*Entries provided*.
^^^^^^^^^^^^^^^^

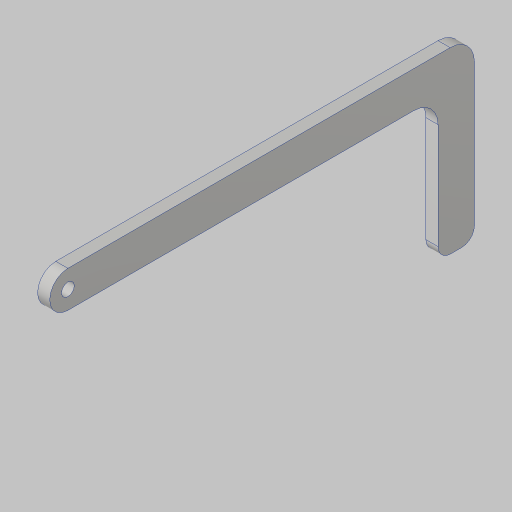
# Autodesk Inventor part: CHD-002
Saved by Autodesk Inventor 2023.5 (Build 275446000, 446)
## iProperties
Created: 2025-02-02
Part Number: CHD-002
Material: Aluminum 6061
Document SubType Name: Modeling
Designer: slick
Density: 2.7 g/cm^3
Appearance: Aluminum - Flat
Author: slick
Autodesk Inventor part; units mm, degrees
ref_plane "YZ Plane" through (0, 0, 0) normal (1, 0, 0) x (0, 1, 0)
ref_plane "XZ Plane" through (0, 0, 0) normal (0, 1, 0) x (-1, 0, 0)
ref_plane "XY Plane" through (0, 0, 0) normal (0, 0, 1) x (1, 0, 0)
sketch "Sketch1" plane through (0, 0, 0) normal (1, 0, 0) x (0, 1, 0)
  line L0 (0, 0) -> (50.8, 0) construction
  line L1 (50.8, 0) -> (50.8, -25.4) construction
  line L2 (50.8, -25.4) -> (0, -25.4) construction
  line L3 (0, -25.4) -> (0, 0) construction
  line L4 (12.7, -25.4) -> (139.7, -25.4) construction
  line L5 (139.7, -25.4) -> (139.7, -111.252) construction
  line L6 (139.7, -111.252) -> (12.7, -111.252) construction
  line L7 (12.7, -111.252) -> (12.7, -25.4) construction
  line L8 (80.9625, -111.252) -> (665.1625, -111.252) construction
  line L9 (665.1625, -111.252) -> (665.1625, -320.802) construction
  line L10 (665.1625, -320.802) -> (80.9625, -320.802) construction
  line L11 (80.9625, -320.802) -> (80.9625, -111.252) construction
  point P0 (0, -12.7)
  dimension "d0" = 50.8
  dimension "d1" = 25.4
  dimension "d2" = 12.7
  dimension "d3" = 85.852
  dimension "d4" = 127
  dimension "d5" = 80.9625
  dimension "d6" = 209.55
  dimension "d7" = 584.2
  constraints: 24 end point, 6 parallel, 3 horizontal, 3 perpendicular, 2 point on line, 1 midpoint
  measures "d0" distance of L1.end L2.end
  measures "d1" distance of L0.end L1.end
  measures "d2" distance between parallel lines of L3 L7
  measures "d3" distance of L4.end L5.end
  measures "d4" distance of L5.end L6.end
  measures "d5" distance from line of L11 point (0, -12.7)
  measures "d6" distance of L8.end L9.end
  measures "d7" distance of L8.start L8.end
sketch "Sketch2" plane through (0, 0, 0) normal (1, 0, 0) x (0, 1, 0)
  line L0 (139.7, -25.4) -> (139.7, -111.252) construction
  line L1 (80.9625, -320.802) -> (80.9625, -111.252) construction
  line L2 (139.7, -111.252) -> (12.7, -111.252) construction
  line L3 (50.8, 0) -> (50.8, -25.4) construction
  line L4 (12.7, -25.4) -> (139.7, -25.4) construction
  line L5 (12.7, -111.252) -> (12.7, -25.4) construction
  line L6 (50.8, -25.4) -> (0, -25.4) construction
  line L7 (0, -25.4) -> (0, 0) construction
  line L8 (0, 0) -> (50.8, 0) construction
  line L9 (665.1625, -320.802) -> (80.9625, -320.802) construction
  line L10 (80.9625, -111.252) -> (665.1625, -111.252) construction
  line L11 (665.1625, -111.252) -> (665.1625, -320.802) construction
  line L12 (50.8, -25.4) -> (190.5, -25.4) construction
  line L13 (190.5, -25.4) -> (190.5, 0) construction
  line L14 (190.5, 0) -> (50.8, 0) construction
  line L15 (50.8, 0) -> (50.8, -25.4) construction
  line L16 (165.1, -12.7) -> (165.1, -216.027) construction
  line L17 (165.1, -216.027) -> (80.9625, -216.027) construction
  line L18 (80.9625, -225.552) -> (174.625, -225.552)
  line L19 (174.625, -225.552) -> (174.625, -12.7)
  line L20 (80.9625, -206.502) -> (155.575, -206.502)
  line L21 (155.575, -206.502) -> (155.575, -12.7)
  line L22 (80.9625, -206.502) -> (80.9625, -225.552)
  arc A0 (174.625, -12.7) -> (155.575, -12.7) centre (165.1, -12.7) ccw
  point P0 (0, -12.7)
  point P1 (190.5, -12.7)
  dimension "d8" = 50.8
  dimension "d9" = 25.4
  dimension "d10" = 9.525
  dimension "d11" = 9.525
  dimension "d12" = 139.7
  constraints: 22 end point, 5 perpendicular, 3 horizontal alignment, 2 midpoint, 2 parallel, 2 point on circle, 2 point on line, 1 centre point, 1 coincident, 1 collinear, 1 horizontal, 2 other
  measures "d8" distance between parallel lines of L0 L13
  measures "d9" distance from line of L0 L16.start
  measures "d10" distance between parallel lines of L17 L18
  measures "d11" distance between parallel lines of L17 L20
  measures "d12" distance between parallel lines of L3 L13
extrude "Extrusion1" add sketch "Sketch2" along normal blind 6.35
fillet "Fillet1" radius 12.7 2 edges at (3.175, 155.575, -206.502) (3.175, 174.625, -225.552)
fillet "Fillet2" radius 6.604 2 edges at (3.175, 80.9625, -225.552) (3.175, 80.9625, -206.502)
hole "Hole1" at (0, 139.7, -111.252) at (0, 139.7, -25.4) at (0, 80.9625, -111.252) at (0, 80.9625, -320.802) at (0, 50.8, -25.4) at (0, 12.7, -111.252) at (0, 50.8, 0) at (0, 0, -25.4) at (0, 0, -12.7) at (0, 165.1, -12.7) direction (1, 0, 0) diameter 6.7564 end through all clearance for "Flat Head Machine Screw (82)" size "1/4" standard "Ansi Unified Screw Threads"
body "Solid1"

^^^^^^^^^^^^^^^^

*Exercise instructions*. Go through the entries above and report each line with the string "normal" in it.

*Task answer*.
ref_plane "YZ Plane" through (0, 0, 0) normal (1, 0, 0) x (0, 1, 0)
ref_plane "XZ Plane" through (0, 0, 0) normal (0, 1, 0) x (-1, 0, 0)
ref_plane "XY Plane" through (0, 0, 0) normal (0, 0, 1) x (1, 0, 0)
sketch "Sketch1" plane through (0, 0, 0) normal (1, 0, 0) x (0, 1, 0)
sketch "Sketch2" plane through (0, 0, 0) normal (1, 0, 0) x (0, 1, 0)
extrude "Extrusion1" add sketch "Sketch2" along normal blind 6.35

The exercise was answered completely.